Die tatsächliche Katastrophe liegt nun aber im vermeintlichen Marmeladentopf begründet, führt dieser doch dazu, die Verwaltung und wohl auch die Mehrheit im Kreistag von einem Entgegenkommen des Landes reden zu lassen und nun angebliche neue Hausaufgaben zu entdecken. Der Kämmerer des Kreises wird versuchen, einen genehmigungsfähigen Haushalt vorzulegen und in Dankbarkeit vor dem Marmeladentopf aus Dresden werden sich Mehrheiten finden, welche diesen Weg mitgehen.

Nun haben wir aber schon einen Haushalt bzw. Haushaltseckwerte, welche durch massive Kürzungen in freiwilligen Aufgaben entstanden sind. Wir haben Studien, die belegen, außer bei Sozialem und Kultur geben wir im Durchschnitt weniger als der Landesdurchschnitt aus. Wo sollen da Sparpotenziale liegen!

Zum einem können diese durch höhere Beiträge z.B. bei der Schülerbeförderung erzielt werden, sie können aber auch durch Scheinprivatisierung in kommunale Unternehmen verlagert werden oder durch Verkäufe von öffentlichem Eigentum erwirtschaftet werden.

Es könnte aber auch anders gehen, zum einen sollte man sich nicht mit dem Marmeladentopf begnügen, mit etwas süßem Geschmack verhungern kann keine Alternative sein. Eine Klage gegen den Freistaat auf auskömmliche, wie in der Verfassung geregelten Finanzausstattung wäre das Mindeste. Ein ertrinkender ist ja auch nicht durch den Wurf des Rettungsringes gerettet, sondern erst wenn er die Möglichkeit hat, ihn auch festzuhalten.

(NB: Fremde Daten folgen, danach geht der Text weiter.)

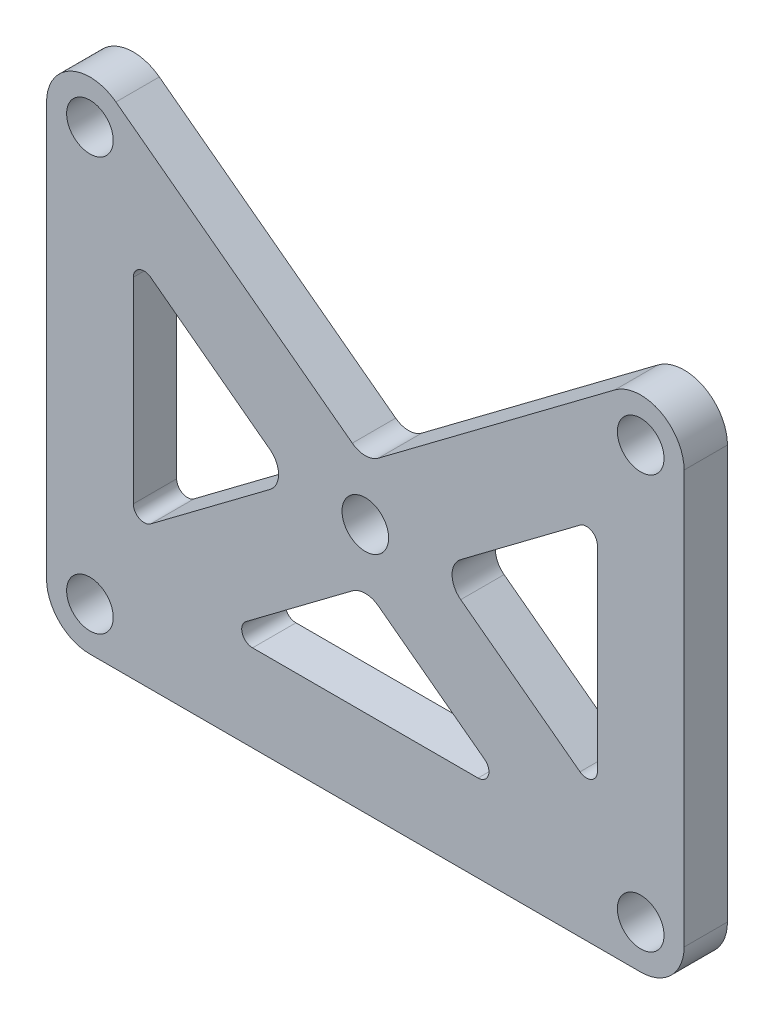
ISO-10303-21;
HEADER;
FILE_DESCRIPTION(('STEP AP214'),'2;1');
FILE_NAME('part.step','',(''),(''),'','','');
FILE_SCHEMA(('AUTOMOTIVE_DESIGN { 1 0 10303 214 1 1 1 1 }'));
ENDSEC;
DATA;
#1=APPLICATION_CONTEXT('core data for automotive mechanical design processes');
#2=APPLICATION_PROTOCOL_DEFINITION('international standard','automotive_design',2000,#1);
#3=PRODUCT_CONTEXT('',#1,'mechanical');
#4=PRODUCT('Part','Part','',(#3));
#5=PRODUCT_RELATED_PRODUCT_CATEGORY('part','',(#4));
#6=PRODUCT_DEFINITION_FORMATION('','',#4);
#7=PRODUCT_DEFINITION_CONTEXT('part definition',#1,'design');
#8=PRODUCT_DEFINITION('design','',#6,#7);
#9=PRODUCT_DEFINITION_SHAPE('','',#8);
#10=(LENGTH_UNIT() NAMED_UNIT(*) SI_UNIT(.MILLI.,.METRE.));
#11=(NAMED_UNIT(*) PLANE_ANGLE_UNIT() SI_UNIT($,.RADIAN.));
#12=(NAMED_UNIT(*) SI_UNIT($,.STERADIAN.) SOLID_ANGLE_UNIT());
#13=UNCERTAINTY_MEASURE_WITH_UNIT(LENGTH_MEASURE(1.E-05),#10,'distance_accuracy_value','');
#14=(GEOMETRIC_REPRESENTATION_CONTEXT(3) GLOBAL_UNCERTAINTY_ASSIGNED_CONTEXT((#13)) GLOBAL_UNIT_ASSIGNED_CONTEXT((#10,
#11,#12)) REPRESENTATION_CONTEXT('',''));
#15=CARTESIAN_POINT('',(0.,0.,0.));
#16=DIRECTION('',(0.,0.,1.));
#17=DIRECTION('',(1.,0.,0.));
#18=AXIS2_PLACEMENT_3D('',#15,#16,#17);
#19=CARTESIAN_POINT('',(-2.4,3.2,4.));
#20=DIRECTION('',(-0.6,0.8,0.));
#21=DIRECTION('',(-0.8,-0.6,0.));
#22=AXIS2_PLACEMENT_3D('',#19,#20,#21);
#23=PLANE('',#22);
#24=DIRECTION('',(0.8,0.6,0.));
#25=VECTOR('',#24,1.);
#26=CARTESIAN_POINT('',(-2.4,3.2,0.));
#27=LINE('',#26,#25);
#28=CARTESIAN_POINT('',(5.6,9.2,0.));
#29=VERTEX_POINT('',#28);
#30=CARTESIAN_POINT('',(16.6,17.45,0.));
#31=VERTEX_POINT('',#30);
#32=EDGE_CURVE('E355',#29,#31,#27,.T.);
#33=ORIENTED_EDGE('',*,*,#32,.F.);
#34=DIRECTION('',(0.,0.,-1.));
#35=VECTOR('',#34,1.);
#36=CARTESIAN_POINT('',(5.6,9.2,4.));
#37=LINE('',#36,#35);
#38=CARTESIAN_POINT('',(5.6,9.2,4.));
#39=VERTEX_POINT('',#38);
#40=EDGE_CURVE('E320',#29,#39,#37,.F.);
#41=ORIENTED_EDGE('',*,*,#40,.T.);
#42=DIRECTION('',(0.8,0.6,0.));
#43=VECTOR('',#42,1.);
#44=CARTESIAN_POINT('',(-2.4,3.2,4.));
#45=LINE('',#44,#43);
#46=CARTESIAN_POINT('',(16.6,17.45,4.));
#47=VERTEX_POINT('',#46);
#48=EDGE_CURVE('E368',#39,#47,#45,.T.);
#49=ORIENTED_EDGE('',*,*,#48,.T.);
#50=DIRECTION('',(0.,0.,-1.));
#51=VECTOR('',#50,1.);
#52=CARTESIAN_POINT('',(16.6,17.45,4.));
#53=LINE('',#52,#51);
#54=EDGE_CURVE('E265',#47,#31,#53,.T.);
#55=ORIENTED_EDGE('',*,*,#54,.T.);
#56=EDGE_LOOP('',(#33,#41,#49,#55));
#57=FACE_BOUND('',#56,.T.);
#58=ADVANCED_FACE('F39',(#57),#23,.T.);
#59=CARTESIAN_POINT('',(4.,0.,4.));
#60=DIRECTION('',(1.,0.,0.));
#61=DIRECTION('',(0.,1.,0.));
#62=AXIS2_PLACEMENT_3D('',#59,#60,#61);
#63=PLANE('',#62);
#64=DIRECTION('',(0.,-1.,0.));
#65=VECTOR('',#64,1.);
#66=CARTESIAN_POINT('',(4.,0.,4.));
#67=LINE('',#66,#65);
#68=CARTESIAN_POINT('',(4.,28.1,4.));
#69=VERTEX_POINT('',#68);
#70=CARTESIAN_POINT('',(4.,10.,4.));
#71=VERTEX_POINT('',#70);
#72=EDGE_CURVE('E363',#69,#71,#67,.T.);
#73=ORIENTED_EDGE('',*,*,#72,.T.);
#74=DIRECTION('',(0.,0.,-1.));
#75=VECTOR('',#74,1.);
#76=CARTESIAN_POINT('',(4.,10.,0.));
#77=LINE('',#76,#75);
#78=CARTESIAN_POINT('',(4.,10.,0.));
#79=VERTEX_POINT('',#78);
#80=EDGE_CURVE('E317',#71,#79,#77,.T.);
#81=ORIENTED_EDGE('',*,*,#80,.T.);
#82=DIRECTION('',(0.,-1.,0.));
#83=VECTOR('',#82,1.);
#84=CARTESIAN_POINT('',(4.,0.,0.));
#85=LINE('',#84,#83);
#86=CARTESIAN_POINT('',(4.,28.1,0.));
#87=VERTEX_POINT('',#86);
#88=EDGE_CURVE('E349',#87,#79,#85,.T.);
#89=ORIENTED_EDGE('',*,*,#88,.F.);
#90=DIRECTION('',(0.,0.,-1.));
#91=VECTOR('',#90,1.);
#92=CARTESIAN_POINT('',(4.,28.1,4.));
#93=LINE('',#92,#91);
#94=EDGE_CURVE('E315',#87,#69,#93,.F.);
#95=ORIENTED_EDGE('',*,*,#94,.T.);
#96=EDGE_LOOP('',(#73,#81,#89,#95));
#97=FACE_BOUND('',#96,.T.);
#98=ADVANCED_FACE('F353',(#97),#63,.T.);
#99=CARTESIAN_POINT('',(15.888,21.184,4.));
#100=DIRECTION('',(0.6,0.8,0.));
#101=DIRECTION('',(-0.8,0.6,0.));
#102=AXIS2_PLACEMENT_3D('',#99,#100,#101);
#103=PLANE('',#102);
#104=DIRECTION('',(0.8,-0.6,0.));
#105=VECTOR('',#104,1.);
#106=CARTESIAN_POINT('',(15.888,21.184,0.));
#107=LINE('',#106,#105);
#108=CARTESIAN_POINT('',(26.6,13.15,0.));
#109=VERTEX_POINT('',#108);
#110=CARTESIAN_POINT('',(36.4,5.8,0.));
#111=VERTEX_POINT('',#110);
#112=EDGE_CURVE('E416',#109,#111,#107,.T.);
#113=ORIENTED_EDGE('',*,*,#112,.T.);
#114=DIRECTION('',(0.,0.,-1.));
#115=VECTOR('',#114,1.);
#116=CARTESIAN_POINT('',(36.4,5.8,4.));
#117=LINE('',#116,#115);
#118=CARTESIAN_POINT('',(36.4,5.8,4.));
#119=VERTEX_POINT('',#118);
#120=EDGE_CURVE('E310',#111,#119,#117,.F.);
#121=ORIENTED_EDGE('',*,*,#120,.T.);
#122=DIRECTION('',(0.8,-0.6,0.));
#123=VECTOR('',#122,1.);
#124=CARTESIAN_POINT('',(15.888,21.184,4.));
#125=LINE('',#124,#123);
#126=CARTESIAN_POINT('',(26.6,13.15,4.));
#127=VERTEX_POINT('',#126);
#128=EDGE_CURVE('E508',#127,#119,#125,.T.);
#129=ORIENTED_EDGE('',*,*,#128,.F.);
#130=DIRECTION('',(0.,0.,-1.));
#131=VECTOR('',#130,1.);
#132=CARTESIAN_POINT('',(26.6,13.15,0.));
#133=LINE('',#132,#131);
#134=EDGE_CURVE('E249',#127,#109,#133,.T.);
#135=ORIENTED_EDGE('',*,*,#134,.T.);
#136=EDGE_LOOP('',(#113,#121,#129,#135));
#137=FACE_BOUND('',#136,.T.);
#138=ADVANCED_FACE('F541',(#137),#103,.F.);
#139=CARTESIAN_POINT('',(0.,4.,4.));
#140=DIRECTION('',(0.,1.,0.));
#141=DIRECTION('',(-1.,0.,0.));
#142=AXIS2_PLACEMENT_3D('',#139,#140,#141);
#143=PLANE('',#142);
#144=DIRECTION('',(1.,0.,0.));
#145=VECTOR('',#144,1.);
#146=CARTESIAN_POINT('',(0.,4.,4.));
#147=LINE('',#146,#145);
#148=CARTESIAN_POINT('',(15.,4.,4.));
#149=VERTEX_POINT('',#148);
#150=CARTESIAN_POINT('',(35.8,4.,4.));
#151=VERTEX_POINT('',#150);
#152=EDGE_CURVE('E511',#149,#151,#147,.T.);
#153=ORIENTED_EDGE('',*,*,#152,.T.);
#154=DIRECTION('',(0.,0.,-1.));
#155=VECTOR('',#154,1.);
#156=CARTESIAN_POINT('',(35.8,4.,4.));
#157=LINE('',#156,#155);
#158=CARTESIAN_POINT('',(35.8,4.,0.));
#159=VERTEX_POINT('',#158);
#160=EDGE_CURVE('E307',#151,#159,#157,.T.);
#161=ORIENTED_EDGE('',*,*,#160,.T.);
#162=DIRECTION('',(1.,0.,0.));
#163=VECTOR('',#162,1.);
#164=CARTESIAN_POINT('',(0.,4.,0.));
#165=LINE('',#164,#163);
#166=CARTESIAN_POINT('',(15.,4.,0.));
#167=VERTEX_POINT('',#166);
#168=EDGE_CURVE('E419',#167,#159,#165,.T.);
#169=ORIENTED_EDGE('',*,*,#168,.F.);
#170=DIRECTION('',(0.,0.,-1.));
#171=VECTOR('',#170,1.);
#172=CARTESIAN_POINT('',(15.,4.,4.));
#173=LINE('',#172,#171);
#174=EDGE_CURVE('E305',#167,#149,#173,.F.);
#175=ORIENTED_EDGE('',*,*,#174,.T.);
#176=EDGE_LOOP('',(#153,#161,#169,#175));
#177=FACE_BOUND('',#176,.T.);
#178=ADVANCED_FACE('F550',(#177),#143,.T.);
#179=CARTESIAN_POINT('',(46.8,0.,4.));
#180=DIRECTION('',(1.,0.,0.));
#181=DIRECTION('',(0.,0.,-1.));
#182=AXIS2_PLACEMENT_3D('',#179,#180,#181);
#183=PLANE('',#182);
#184=DIRECTION('',(0.,-1.,0.));
#185=VECTOR('',#184,1.);
#186=CARTESIAN_POINT('',(46.8,0.,0.));
#187=LINE('',#186,#185);
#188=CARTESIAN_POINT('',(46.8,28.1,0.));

Ein zweiter Weg kann und muss eine Steuerungsgruppe Kreisfinanzen sein, in welcher die Gemeinden und Städte, der Landkreis und Expertinnen zusammen über einen Umbau der Finanzströme im Landkreis reden. Gemeinsame Projekte zwischen Stadt und Landkreis, zwischen Gemeinde A und Gemeinde B könnten helfen, Finanzen zu sparen. Eine weitaus engere Zusammenarbeit bei Feuerwehren, Betriebshöfen aber auch bei mobiler Verwaltung oder gemeinsamer Nutzung von Technik hilft sparen und entlastet uns alle.